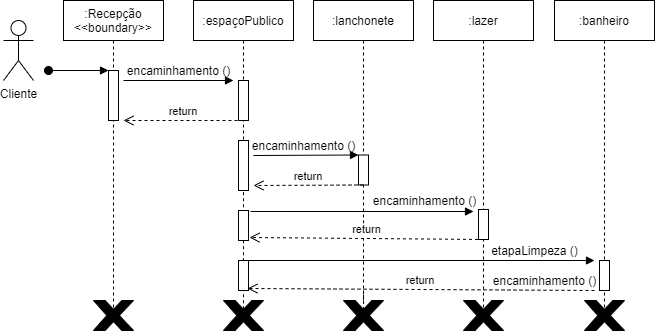

The diagram above was exported from draw.io. Its source (the exported page's mxGraphModel, read from the mxfile embedded in the PNG):
<mxGraphModel dx="868" dy="482" grid="1" gridSize="10" guides="1" tooltips="1" connect="1" arrows="1" fold="1" page="1" pageScale="1" pageWidth="827" pageHeight="1169" math="0" shadow="0">
  <root>
    <mxCell id="0" />
    <mxCell id="1" parent="0" />
    <mxCell id="fmKrjueBJuBve2B1K4v2-1" value=":Recepção&#10;&lt;&lt;boundary&gt;&gt;" style="shape=umlLifeline;perimeter=lifelinePerimeter;container=1;collapsible=0;recursiveResize=0;rounded=0;shadow=0;strokeWidth=1;" parent="1" vertex="1">
      <mxGeometry x="190" y="120" width="100" height="320" as="geometry" />
    </mxCell>
    <mxCell id="fmKrjueBJuBve2B1K4v2-2" value="" style="points=[];perimeter=orthogonalPerimeter;rounded=0;shadow=0;strokeWidth=1;" parent="fmKrjueBJuBve2B1K4v2-1" vertex="1">
      <mxGeometry x="45" y="70" width="10" height="50" as="geometry" />
    </mxCell>
    <mxCell id="fmKrjueBJuBve2B1K4v2-3" value="" style="verticalAlign=bottom;startArrow=oval;endArrow=block;startSize=8;shadow=0;strokeWidth=1;" parent="fmKrjueBJuBve2B1K4v2-1" target="fmKrjueBJuBve2B1K4v2-2" edge="1">
      <mxGeometry x="0.1667" y="10" relative="1" as="geometry">
        <mxPoint x="-15" y="70" as="sourcePoint" />
        <mxPoint as="offset" />
      </mxGeometry>
    </mxCell>
    <mxCell id="fmKrjueBJuBve2B1K4v2-4" value=":espaçoPublico" style="shape=umlLifeline;perimeter=lifelinePerimeter;container=1;collapsible=0;recursiveResize=0;rounded=0;shadow=0;strokeWidth=1;" parent="1" vertex="1">
      <mxGeometry x="320" y="120" width="100" height="140" as="geometry" />
    </mxCell>
    <mxCell id="fmKrjueBJuBve2B1K4v2-5" value="" style="points=[];perimeter=orthogonalPerimeter;rounded=0;shadow=0;strokeWidth=1;" parent="fmKrjueBJuBve2B1K4v2-4" vertex="1">
      <mxGeometry x="45" y="80" width="10" height="40" as="geometry" />
    </mxCell>
    <mxCell id="fmKrjueBJuBve2B1K4v2-6" value="return" style="verticalAlign=bottom;endArrow=open;dashed=1;endSize=8;shadow=0;strokeWidth=1;" parent="1" edge="1">
      <mxGeometry relative="1" as="geometry">
        <mxPoint x="250" y="240" as="targetPoint" />
        <mxPoint x="370" y="240" as="sourcePoint" />
        <Array as="points" />
      </mxGeometry>
    </mxCell>
    <mxCell id="fmKrjueBJuBve2B1K4v2-7" value="" style="verticalAlign=bottom;endArrow=block;shadow=0;strokeWidth=1;" parent="1" edge="1">
      <mxGeometry relative="1" as="geometry">
        <mxPoint x="250" y="200" as="sourcePoint" />
        <mxPoint x="360" y="200" as="targetPoint" />
      </mxGeometry>
    </mxCell>
    <mxCell id="fmKrjueBJuBve2B1K4v2-8" value="Cliente" style="shape=umlActor;verticalLabelPosition=bottom;verticalAlign=top;html=1;outlineConnect=0;" parent="1" vertex="1">
      <mxGeometry x="130" y="140" width="30" height="60" as="geometry" />
    </mxCell>
    <mxCell id="fmKrjueBJuBve2B1K4v2-9" value="encaminhamento ()" style="text;html=1;align=center;verticalAlign=middle;resizable=0;points=[];autosize=1;strokeColor=none;" parent="1" vertex="1">
      <mxGeometry x="245" y="180" width="120" height="20" as="geometry" />
    </mxCell>
    <mxCell id="fmKrjueBJuBve2B1K4v2-10" value="" style="verticalLabelPosition=bottom;verticalAlign=top;html=1;shape=mxgraph.basic.x;fillColor=#000000;" parent="1" vertex="1">
      <mxGeometry x="220" y="420" width="40" height="30" as="geometry" />
    </mxCell>
    <mxCell id="fmKrjueBJuBve2B1K4v2-11" value=":lanchonete" style="shape=umlLifeline;perimeter=lifelinePerimeter;container=1;collapsible=0;recursiveResize=0;rounded=0;shadow=0;strokeWidth=1;" parent="1" vertex="1">
      <mxGeometry x="440" y="120" width="100" height="240" as="geometry" />
    </mxCell>
    <mxCell id="fmKrjueBJuBve2B1K4v2-12" value="" style="points=[];perimeter=orthogonalPerimeter;rounded=0;shadow=0;strokeWidth=1;" parent="fmKrjueBJuBve2B1K4v2-11" vertex="1">
      <mxGeometry x="45" y="154.5" width="10" height="30" as="geometry" />
    </mxCell>
    <mxCell id="fmKrjueBJuBve2B1K4v2-13" value="" style="verticalAlign=bottom;endArrow=block;shadow=0;strokeWidth=1;startArrow=none;" parent="1" source="fmKrjueBJuBve2B1K4v2-35" edge="1">
      <mxGeometry relative="1" as="geometry">
        <mxPoint x="370" y="275" as="sourcePoint" />
        <mxPoint x="480" y="274.5" as="targetPoint" />
      </mxGeometry>
    </mxCell>
    <mxCell id="fmKrjueBJuBve2B1K4v2-14" value="return" style="verticalAlign=bottom;endArrow=open;dashed=1;endSize=8;shadow=0;strokeWidth=1;" parent="1" edge="1">
      <mxGeometry relative="1" as="geometry">
        <mxPoint x="380" y="305" as="targetPoint" />
        <mxPoint x="490" y="304.5" as="sourcePoint" />
        <Array as="points" />
      </mxGeometry>
    </mxCell>
    <mxCell id="fmKrjueBJuBve2B1K4v2-15" value=":lazer" style="shape=umlLifeline;perimeter=lifelinePerimeter;container=1;collapsible=0;recursiveResize=0;rounded=0;shadow=0;strokeWidth=1;" parent="1" vertex="1">
      <mxGeometry x="560" y="120" width="100" height="320" as="geometry" />
    </mxCell>
    <mxCell id="fmKrjueBJuBve2B1K4v2-16" value="" style="points=[];perimeter=orthogonalPerimeter;rounded=0;shadow=0;strokeWidth=1;" parent="fmKrjueBJuBve2B1K4v2-15" vertex="1">
      <mxGeometry x="45" y="209" width="10" height="30" as="geometry" />
    </mxCell>
    <mxCell id="fmKrjueBJuBve2B1K4v2-17" value="" style="verticalLabelPosition=bottom;verticalAlign=top;html=1;shape=mxgraph.basic.x;fillColor=#000000;" parent="1" vertex="1">
      <mxGeometry x="590" y="420" width="40" height="30" as="geometry" />
    </mxCell>
    <mxCell id="fmKrjueBJuBve2B1K4v2-18" value="" style="verticalAlign=bottom;endArrow=block;shadow=0;strokeWidth=1;exitX=1.2;exitY=0.033;exitDx=0;exitDy=0;exitPerimeter=0;" parent="1" source="fmKrjueBJuBve2B1K4v2-25" edge="1">
      <mxGeometry relative="1" as="geometry">
        <mxPoint x="250" y="328.9999999999999" as="sourcePoint" />
        <mxPoint x="600" y="331" as="targetPoint" />
      </mxGeometry>
    </mxCell>
    <mxCell id="fmKrjueBJuBve2B1K4v2-19" value="return" style="verticalAlign=bottom;endArrow=open;dashed=1;endSize=8;shadow=0;strokeWidth=1;entryX=1.1;entryY=0.9;entryDx=0;entryDy=0;entryPerimeter=0;" parent="1" target="fmKrjueBJuBve2B1K4v2-25" edge="1">
      <mxGeometry relative="1" as="geometry">
        <mxPoint x="250" y="359" as="targetPoint" />
        <mxPoint x="610.5" y="359" as="sourcePoint" />
        <Array as="points" />
      </mxGeometry>
    </mxCell>
    <mxCell id="fmKrjueBJuBve2B1K4v2-20" value="" style="endArrow=none;dashed=1;html=1;exitX=0.5;exitY=0.29;exitDx=0;exitDy=0;exitPerimeter=0;" parent="1" source="fmKrjueBJuBve2B1K4v2-23" edge="1">
      <mxGeometry width="50" height="50" relative="1" as="geometry">
        <mxPoint x="370" y="420" as="sourcePoint" />
        <mxPoint x="370" y="300" as="targetPoint" />
      </mxGeometry>
    </mxCell>
    <mxCell id="fmKrjueBJuBve2B1K4v2-21" value="" style="endArrow=none;dashed=1;html=1;" parent="1" edge="1">
      <mxGeometry width="50" height="50" relative="1" as="geometry">
        <mxPoint x="370" y="290" as="sourcePoint" />
        <mxPoint x="369.5" y="274.5" as="targetPoint" />
      </mxGeometry>
    </mxCell>
    <mxCell id="fmKrjueBJuBve2B1K4v2-22" value="" style="verticalLabelPosition=bottom;verticalAlign=top;html=1;shape=mxgraph.basic.x;fillColor=#000000;" parent="1" vertex="1">
      <mxGeometry x="470" y="420" width="40" height="30" as="geometry" />
    </mxCell>
    <mxCell id="fmKrjueBJuBve2B1K4v2-23" value="" style="verticalLabelPosition=bottom;verticalAlign=top;html=1;shape=mxgraph.basic.x;fillColor=#000000;" parent="1" vertex="1">
      <mxGeometry x="350" y="420" width="40" height="30" as="geometry" />
    </mxCell>
    <mxCell id="fmKrjueBJuBve2B1K4v2-24" value="" style="points=[];perimeter=orthogonalPerimeter;rounded=0;shadow=0;strokeWidth=1;" parent="1" vertex="1">
      <mxGeometry x="365" y="260" width="10" height="50" as="geometry" />
    </mxCell>
    <mxCell id="fmKrjueBJuBve2B1K4v2-25" value="" style="points=[];perimeter=orthogonalPerimeter;rounded=0;shadow=0;strokeWidth=1;" parent="1" vertex="1">
      <mxGeometry x="365" y="330" width="10" height="30" as="geometry" />
    </mxCell>
    <mxCell id="fmKrjueBJuBve2B1K4v2-26" value=":banheiro" style="shape=umlLifeline;perimeter=lifelinePerimeter;container=1;collapsible=0;recursiveResize=0;rounded=0;shadow=0;strokeWidth=1;" parent="1" vertex="1">
      <mxGeometry x="681" y="120" width="100" height="320" as="geometry" />
    </mxCell>
    <mxCell id="fmKrjueBJuBve2B1K4v2-27" value="" style="points=[];perimeter=orthogonalPerimeter;rounded=0;shadow=0;strokeWidth=1;" parent="fmKrjueBJuBve2B1K4v2-26" vertex="1">
      <mxGeometry x="45" y="260" width="10" height="30" as="geometry" />
    </mxCell>
    <mxCell id="fmKrjueBJuBve2B1K4v2-28" value="" style="verticalLabelPosition=bottom;verticalAlign=top;html=1;shape=mxgraph.basic.x;fillColor=#000000;" parent="1" vertex="1">
      <mxGeometry x="711" y="420" width="40" height="30" as="geometry" />
    </mxCell>
    <mxCell id="fmKrjueBJuBve2B1K4v2-29" value="" style="verticalAlign=bottom;endArrow=block;shadow=0;strokeWidth=1;" parent="1" edge="1">
      <mxGeometry relative="1" as="geometry">
        <mxPoint x="370" y="380" as="sourcePoint" />
        <mxPoint x="721" y="380" as="targetPoint" />
      </mxGeometry>
    </mxCell>
    <mxCell id="fmKrjueBJuBve2B1K4v2-30" value="return" style="verticalAlign=bottom;endArrow=open;dashed=1;endSize=8;shadow=0;strokeWidth=1;entryX=0.9;entryY=0.933;entryDx=0;entryDy=0;entryPerimeter=0;" parent="1" target="fmKrjueBJuBve2B1K4v2-31" edge="1">
      <mxGeometry relative="1" as="geometry">
        <mxPoint x="250" y="410" as="targetPoint" />
        <mxPoint x="721" y="410" as="sourcePoint" />
        <Array as="points" />
      </mxGeometry>
    </mxCell>
    <mxCell id="fmKrjueBJuBve2B1K4v2-31" value="" style="points=[];perimeter=orthogonalPerimeter;rounded=0;shadow=0;strokeWidth=1;" parent="1" vertex="1">
      <mxGeometry x="365" y="380" width="10" height="30" as="geometry" />
    </mxCell>
    <mxCell id="fmKrjueBJuBve2B1K4v2-32" value="etapaLimpeza ()" style="text;html=1;align=center;verticalAlign=middle;resizable=0;points=[];autosize=1;strokeColor=none;" parent="1" vertex="1">
      <mxGeometry x="611" y="360" width="100" height="20" as="geometry" />
    </mxCell>
    <mxCell id="fmKrjueBJuBve2B1K4v2-33" value="" style="endArrow=none;dashed=1;html=1;" parent="1" edge="1">
      <mxGeometry width="50" height="50" relative="1" as="geometry">
        <mxPoint x="490" y="420" as="sourcePoint" />
        <mxPoint x="490" y="360" as="targetPoint" />
      </mxGeometry>
    </mxCell>
    <mxCell id="fmKrjueBJuBve2B1K4v2-34" value="" style="endArrow=none;dashed=1;html=1;" parent="1" edge="1">
      <mxGeometry width="50" height="50" relative="1" as="geometry">
        <mxPoint x="490.15999999999985" y="435.5" as="sourcePoint" />
        <mxPoint x="490" y="410" as="targetPoint" />
      </mxGeometry>
    </mxCell>
    <mxCell id="fmKrjueBJuBve2B1K4v2-35" value="encaminhamento ()" style="text;html=1;align=center;verticalAlign=middle;resizable=0;points=[];autosize=1;strokeColor=none;" parent="1" vertex="1">
      <mxGeometry x="370" y="254.5" width="120" height="20" as="geometry" />
    </mxCell>
    <mxCell id="fmKrjueBJuBve2B1K4v2-36" value="encaminhamento ()" style="text;html=1;align=center;verticalAlign=middle;resizable=0;points=[];autosize=1;strokeColor=none;" parent="1" vertex="1">
      <mxGeometry x="491" y="310" width="120" height="20" as="geometry" />
    </mxCell>
    <mxCell id="fmKrjueBJuBve2B1K4v2-37" value="encaminhamento ()" style="text;html=1;align=center;verticalAlign=middle;resizable=0;points=[];autosize=1;strokeColor=none;" parent="1" vertex="1">
      <mxGeometry x="611" y="390" width="120" height="20" as="geometry" />
    </mxCell>
    <mxCell id="fmKrjueBJuBve2B1K4v2-38" value="" style="verticalAlign=bottom;endArrow=block;shadow=0;strokeWidth=1;" parent="1" edge="1">
      <mxGeometry relative="1" as="geometry">
        <mxPoint x="380" y="275" as="sourcePoint" />
        <mxPoint x="485" y="274.5" as="targetPoint" />
      </mxGeometry>
    </mxCell>
  </root>
</mxGraphModel>

···

WORK TO COMPLETE → In the records above, find every line containing the word "page" and show it.

OUTPUT OF THE TASK →
The diagram above was exported from draw.io. Its source (the exported page's mxGraphModel, read from the mxfile embedded in the PNG):
<mxGraphModel dx="868" dy="482" grid="1" gridSize="10" guides="1" tooltips="1" connect="1" arrows="1" fold="1" page="1" pageScale="1" pageWidth="827" pageHeight="1169" math="0" shadow="0">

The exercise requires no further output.